COVID-19 Symptoms Analysis and Clustering Methods

Color recently published a press release highlighting key results from an analysis of data from over 30,000 individuals who completed a Color COVID-19 test. The press release highlighted that the majority of individuals who test positive reported mild or no symptoms, and only a small percentage had a high fever. Building on that release, we are sharing more details on the analysis methods behind the results.

78% of people who tested positive for SARS-CoV-2 had mild symptoms (48%) or reported no symptoms (30%) at the time of testing.

Understanding how COVID-19 manifests in a broader population is important for obtaining more representative estimates for epidemiological modeling, and ensuring that reopening efforts are effective at a population scale. To date, most published COVID-19 testing data tend to be from cohorts of individuals who are severely ill or at high risk from hospital settings. Color’s testing data differs in that testing was prioritized for a broader population of Bay Area essential workers and residents. 

For this analysis, we included results from 30,429 tests with an overall positive rate of 1.3%. The validation data for Color’s SARS-CoV-2 LAMP assay and Color’s FDA Emergency Use Authorization (EUA) can be found here. As part of the testing workflow, people self-reported their symptoms through an online pre-test questionnaire. The aggregated and de-identified answers to these questionnaires were used to investigate a few open questions:

What is the estimated asymptomatic rate among positive cases in a general population?

Which symptoms are most highly correlated with a positive SARS-CoV-2 result?

What is the predictive performance of a symptoms-based model for a positive SARS-CoV-2 result?

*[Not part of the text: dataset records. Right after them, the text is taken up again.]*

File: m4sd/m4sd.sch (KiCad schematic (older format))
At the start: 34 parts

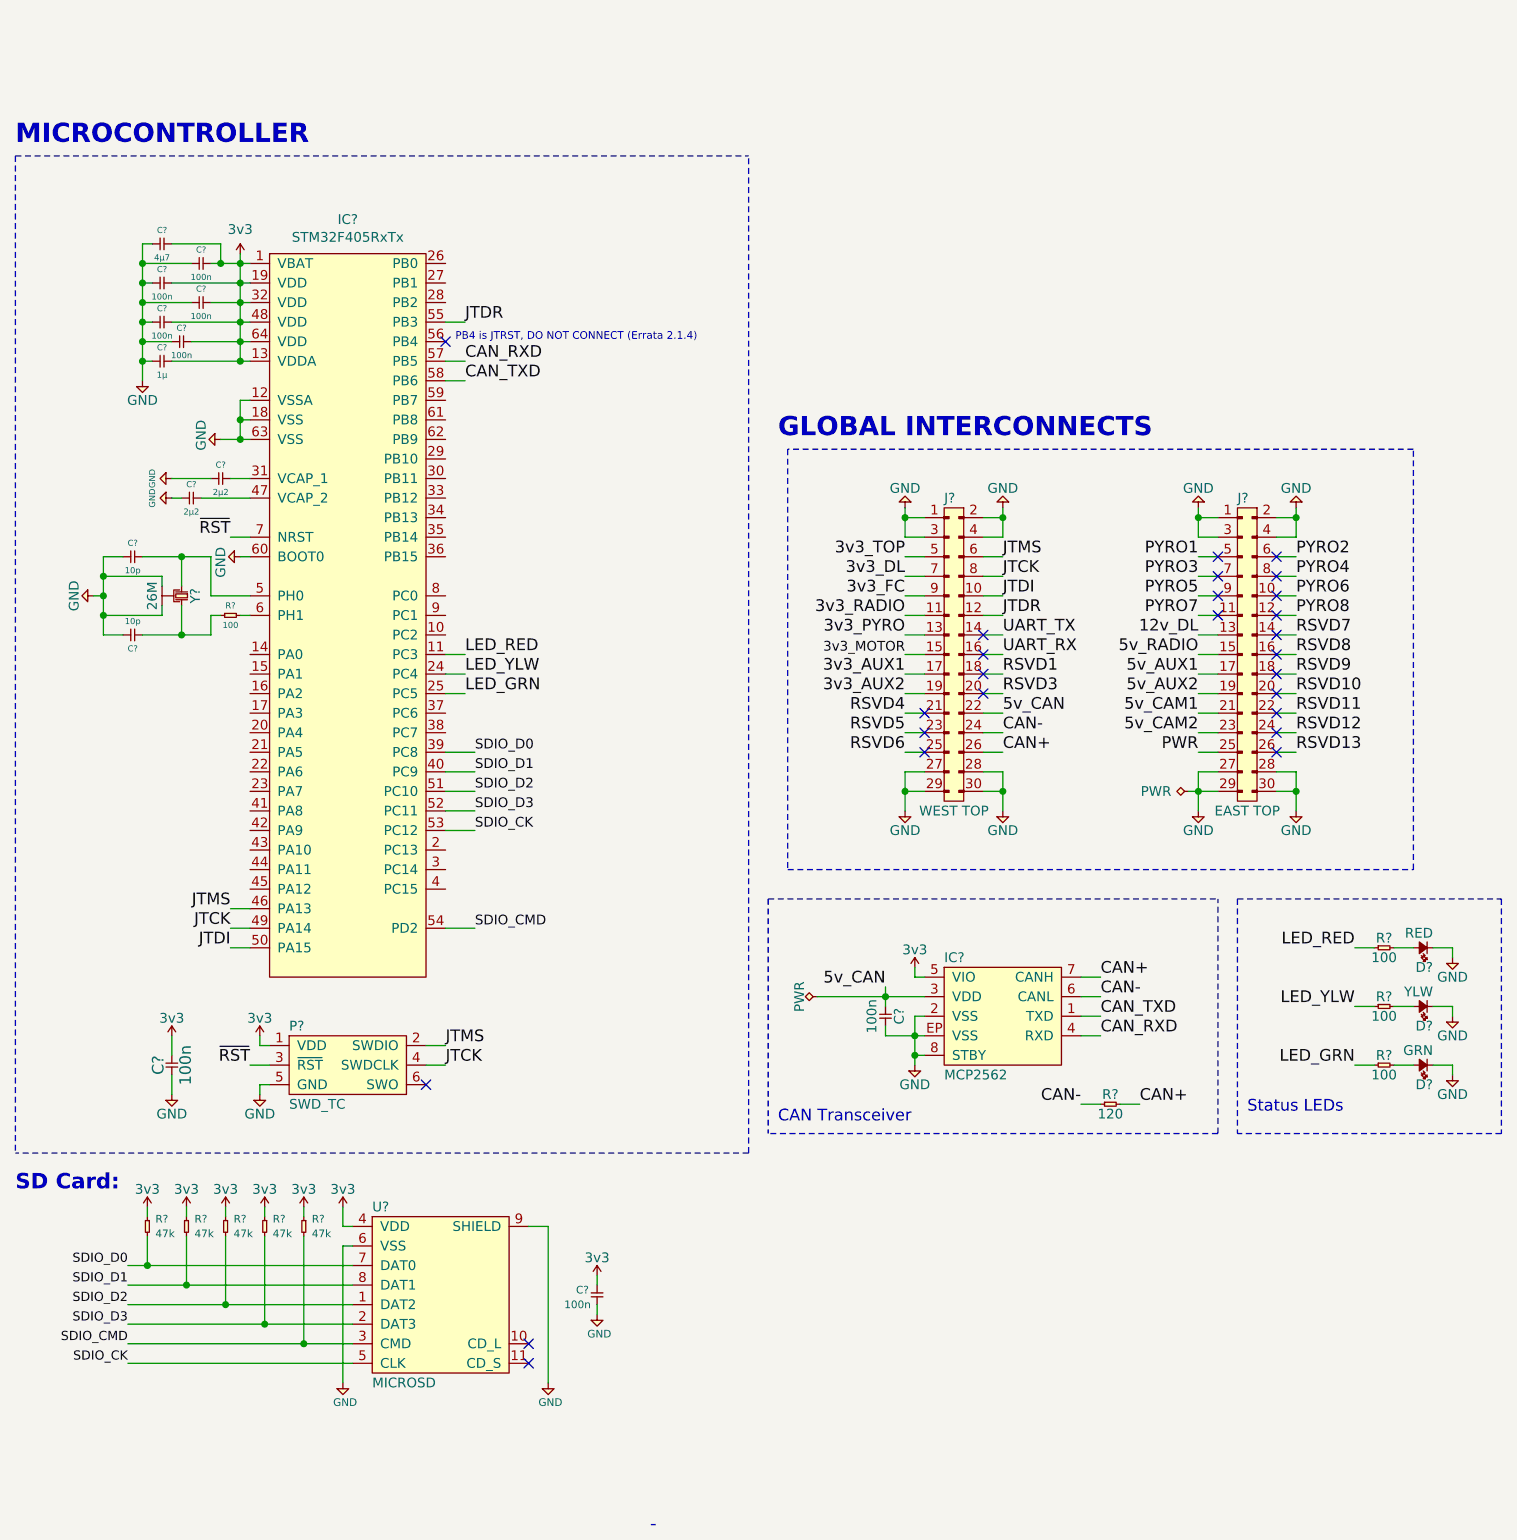
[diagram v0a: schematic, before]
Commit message: Update SD schematic layout
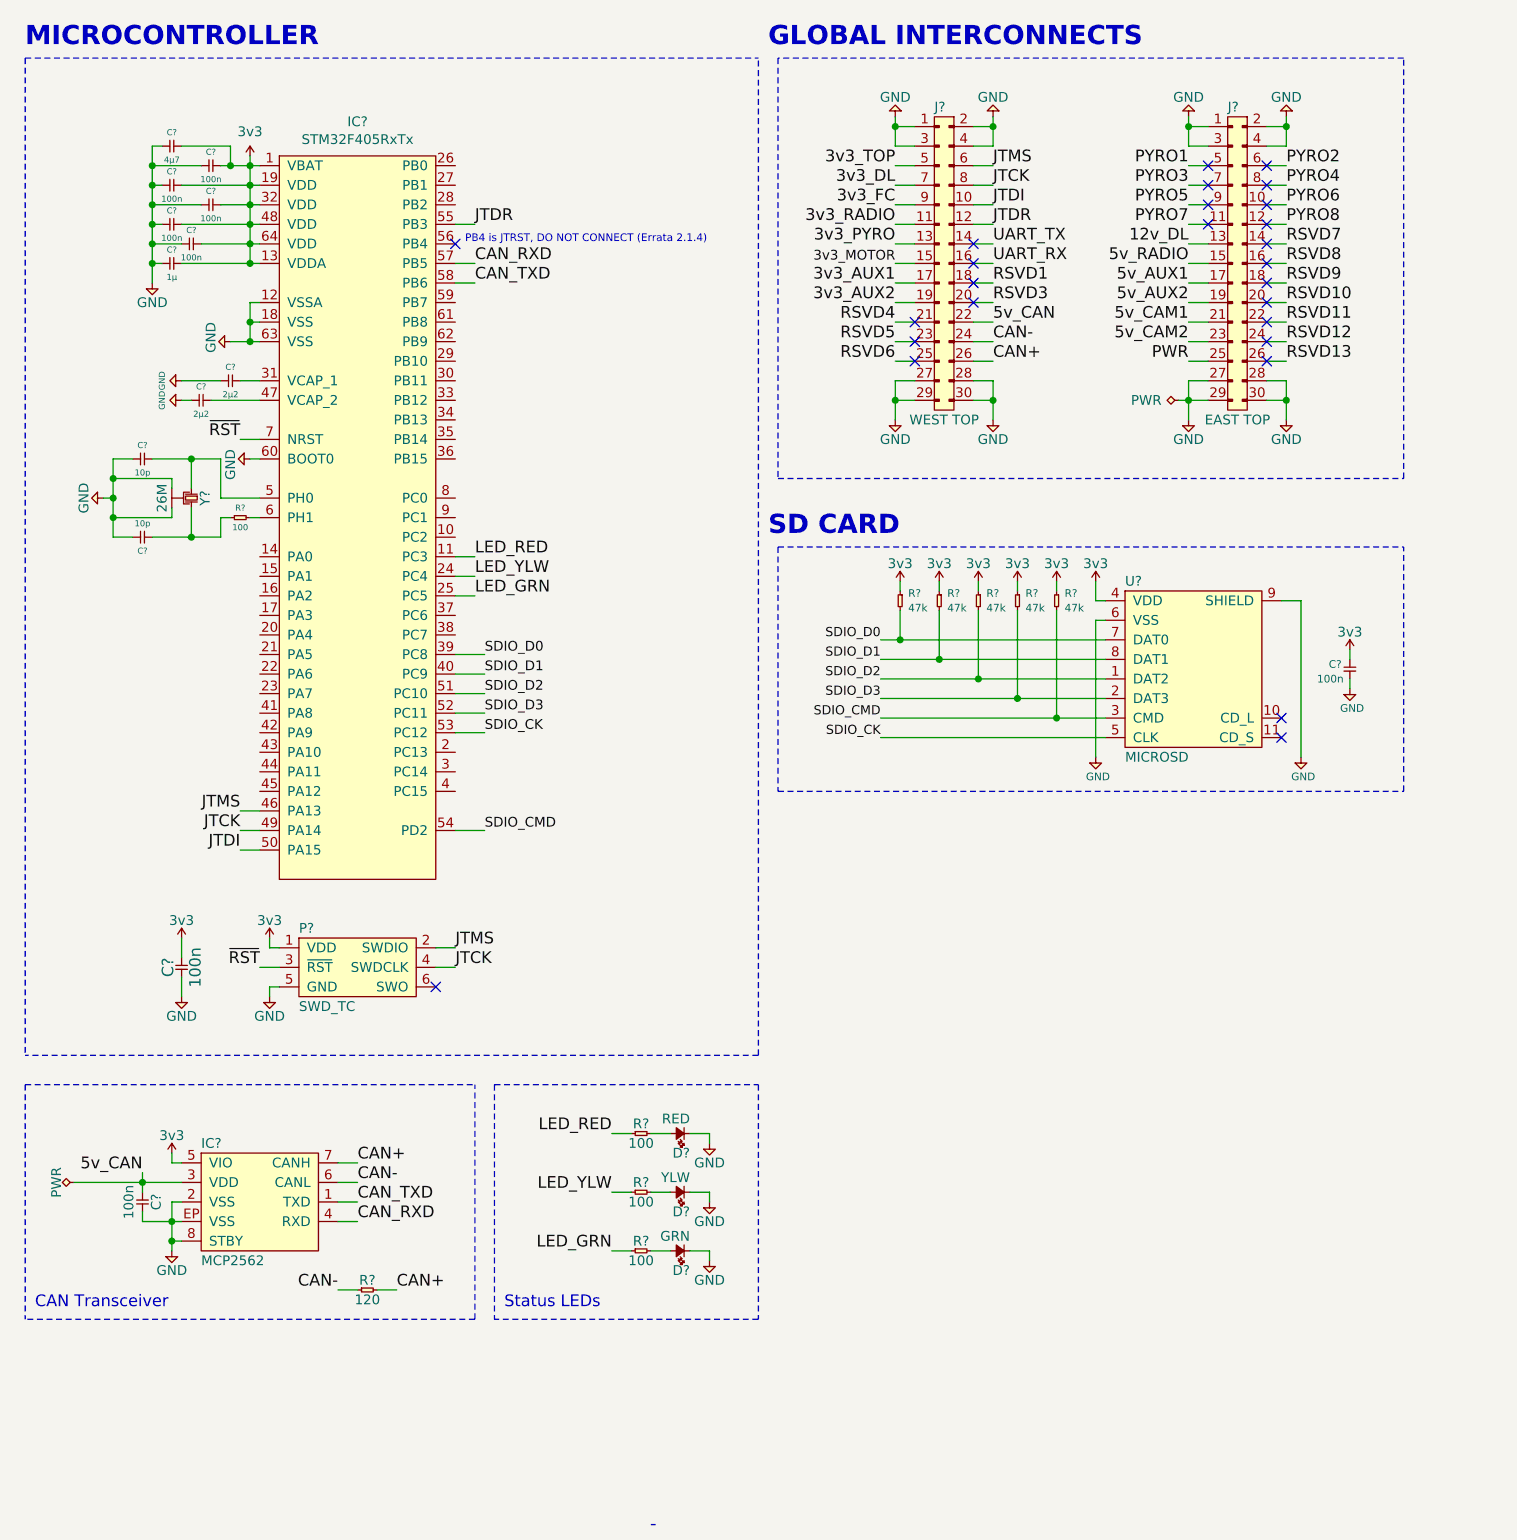
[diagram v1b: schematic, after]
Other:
- note added: "SD CARD"
- note removed: "SD Card:"
- moved on the sheet: C?, D?, IC?, J?, P?, R?, U?, Y?

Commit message: Use cusf-kicad.lib instead of agg-kicad.lib
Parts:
- C? (x14): symbol agg-kicad:C -> cusf-kicad:C
- D? (x3): symbol agg-kicad:LED -> cusf-kicad:LED
- IC?: symbol agg-kicad:STM32F405RxTx -> cusf-kicad:STM32F405RxTx
- IC?: symbol agg-kicad:MCP2562 -> cusf-kicad:MCP2562
- J? (x2): symbol agg-kicad:CONN_02x15 -> cusf-kicad:CONN_02x15
- P?: symbol agg-kicad:SWD_TC -> cusf-kicad:SWD_TC
- R? (x10): symbol agg-kicad:R -> cusf-kicad:R
- U?: symbol agg-kicad:MICROSD -> cusf-kicad:MICROSD
- Y?: symbol agg-kicad:SMD_XTAL -> cusf-kicad:SMD_XTAL
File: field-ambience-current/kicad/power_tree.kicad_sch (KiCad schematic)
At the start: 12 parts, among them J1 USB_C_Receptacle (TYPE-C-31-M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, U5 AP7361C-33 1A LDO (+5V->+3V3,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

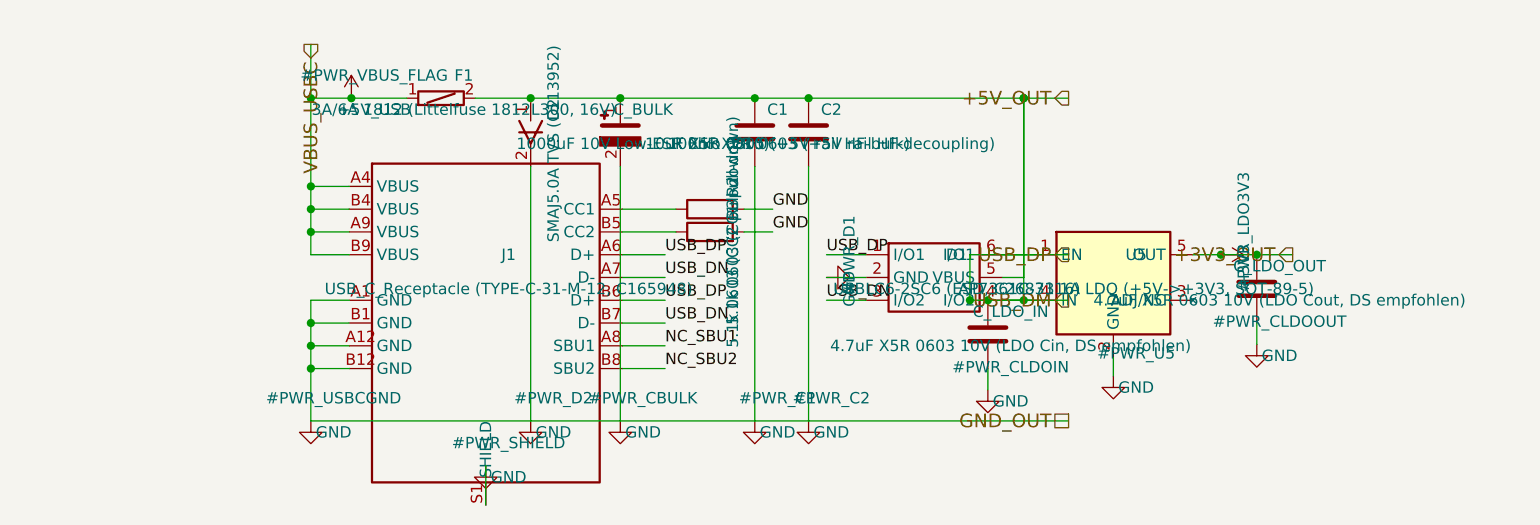
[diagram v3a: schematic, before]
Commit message: pcb(r18.10): Engineering-Realitaetscheck — SW_BOOT, USB-C-Upgrade, BOM-Sync (ADR-0009)
User-Frage: welche Entscheidungen sinnvoll, welche nicht. Vier Fix-Cluster.

=== KRITISCH: BOOT-Button gefehlt ===

Befund: BOOT0 hatte nur 10k-Pulldown. USB-DFU-Flash setzt BOOT0=HIGH
beim Reset voraus -> war physikalisch unmoeglich. SPEC §1-Diagramm
behauptete faelschlich "USB-DFU oder ST-Link".

Fix stm32h743_sheet:
- SW_BOOT (Switch:SW_Push, TS-1185A-C-A / C720477) Pin1 -> BOOT0_PIN
- R_BOOT_SW 1k 0603 (C21190) zwischen SW_BOOT-Pin2 und +3V3
- 1k-Serie limitiert Querstrom auf 3 mA falls SW_RESET gleichzeitig gedrueckt
- Bedienung: SW_BOOT halten -> NRST tippen -> loslassen -> System-Boot-Loader

ST-Link via SWD-Header bleibt Primaer-Programmer; USB-DFU ist Backup
fuer End-User-Service-Updates.

=== USB-C-Stecker upgegradet ===

C165948 (TYPE-C-31-M-12, ~5k Cycles, Generic) ->
C165935 (TYPE-C-31-M-17, 10k Cycles, gleicher HRO-Footprint).

Drop-in laut HRO-Tabelle; in Phase 6 visuell gegen M-17-Drawing pruefen.
Premium-Pfad (GCT USB4135-03-A / Amphenol 12401610E4-2A) fuer Serie
dokumentiert (eigene FPs noetig).

=== SPEC §4 BOM Drift ===

Generator r18.9 hatte Choc-Cells + Stabilizer + SW12-BOOTSEL bereits
entfernt; SPEC-Doku noch alt.

Sync:
- SW1-5 (Choc) -> durchgestrichen + J_CELL1-5 + R_CELL + C_CELL (FSR-IF)
- STAB1-5 -> durchgestrichen
- SW12 BOOTSEL (Pico-spezifisch) -> durchgestrichen
- SW_BOOT + R_BOOT_SW als neue Zeilen
- mechanical_coordinates §4 als veraltet markiert (Maintainer-Hinweis)

=== ADR-0009 NEU ===

Engineering-Review-Doku: alle Befunde + Maßnahmen, Display-SPI1-
Funktionsfaehigkeit verifiziert, Z-Hoehen-Layout-Constraints
(C_BULK 10.5mm <-> LCD-Header 8.5mm Kollision), LED-Farben-Realitaet
(JLC Basic nur weiss, gelb/gruen Extended), FSR-FFC-Empfehlung
(vertagt bis Mechanik-Phase), plus bewusste "aendern wir nicht"-
Entscheidungen.

=== Validierung ===

paren-balance 8/8 PASS - Hier↔Root-Crossref 7/7 PASS - SW_BOOT-Pin1
auf BOOT0_PIN-Rail verdrahtet (Wire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
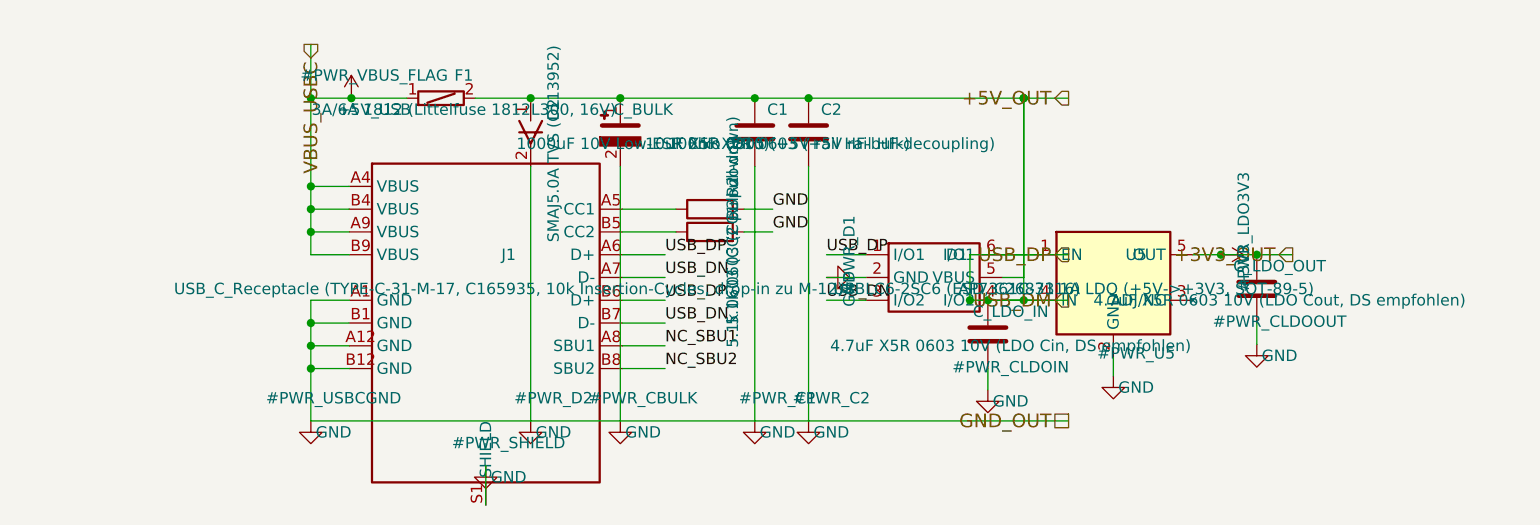
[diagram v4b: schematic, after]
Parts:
- J1: value USB_C_Receptacle (TYPE-C-31-M-12, C165948) -> USB_C_Receptacle (TYPE-C-31-M-17, C165935, 10k Insertion-Cycles, drop-in zu M-12); LCSC C165948 -> C165935; MPN TYPE-C-31-M-12 -> TYPE-C-31-M-17; Notes (none) -> r18.10: Upgrade von C165948 (M-12 / 5k Cycles) auf M-17 (10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
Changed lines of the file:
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@@
       (property "Reference" "J1" (at 52.54 77.46 0)
         (effects (font (size 1.27 1.27))))
-      (property "Value" "USB_C_Receptacle (TYPE-C-31-M-12, C165948)" (at 52.54 81.27 0)
+      (property "Value" "USB_C_Receptacle (TYPE-C-31-M-17, C165935, 10k Insertion-Cycles, drop-in zu M-12)" (at 52.54 81.27 0)
         (effects (font (size 1.27 1.27))))
       (property "Footprint" "Connector_USB:USB_C_Receptacle_HRO_TYPE-C-31-M-12" (at 50.0 80.0 0)
         (effects (font (size 1.27 1.27)) hide))
-      (property "Datasheet" "https://datasheet.lcsc.com/lcsc/2004081102_Korean-Hroparts-Elec-TYPE-C-31-M-12_C165948.pdf" (at 50.0 80.0 0)
+      (property "Datasheet" "https://datasheet.lcsc.com/lcsc/2204262207_Korean-Hroparts-Elec-TYPE-C-31-M-17_C165935.pdf" (at 50.0 80.0 0)
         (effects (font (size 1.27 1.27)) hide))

Key Takeaways and Implications for Reopening

This data presents a broader survey of SARS-CoV-2 positive cases than in previously published data, which were often limited to high-risk individuals in hospital settings. This data is inclusive of younger age groups, multiple ethnic groups, and more individuals who tested positive with no reported symptoms, which help us improve model estimates for a broader population.

Symptoms screening may not be sufficient in containing an outbreak. Among positive cases in our data, 30% report no symptoms at the time of testing and 48% report mild symptoms that are difficult to distinguish from cold and flu symptoms. Additionally, a symptoms-based predictive model achieves a relatively low diagnostic accuracy of 0.74 AUC for SARS-CoV-2 positive result prediction.

Fever checking will likely miss the large majority of positive cases in a broader population. Only 12% of individuals who tested positive report a high fever, making it one of the least reported symptoms among positive cases.

Proactive testing for all employees upon re-entry to work may be more effective than symptoms-based testing alone, given the wide spectrum of symptoms or lack thereof reported in SARS-CoV-2 positive cases from widespread testing. Read more about Color’s recommended return-to-work testing strategies here.

Limitations of our data

Hospitalized cases: Our testing workflow was primarily made available to SF residents and essential workers who are able to schedule an appointment come to one of our drive-through testing sites. As such, our data set does not include the most severe cases of COVID-19 which require hospitalization.

Longitudinal data: We did not design the testing workflow to collect longitudinal follow-up data. As such, for most individuals in the cohort, we do not have data on progression of symptoms or outcomes such as recovery or fatality.

Symptoms Clustering Methods

Individuals in this cohort reported their experienced symptoms using an online questionnaire before scheduling their appointment. All 30,429 tested individuals completed this questionnaire: 53% reported 0 symptoms, 29% reported 1-2 symptoms, and 18% reported 3+ symptoms.

Symptoms question from the online scheduling questionnaire.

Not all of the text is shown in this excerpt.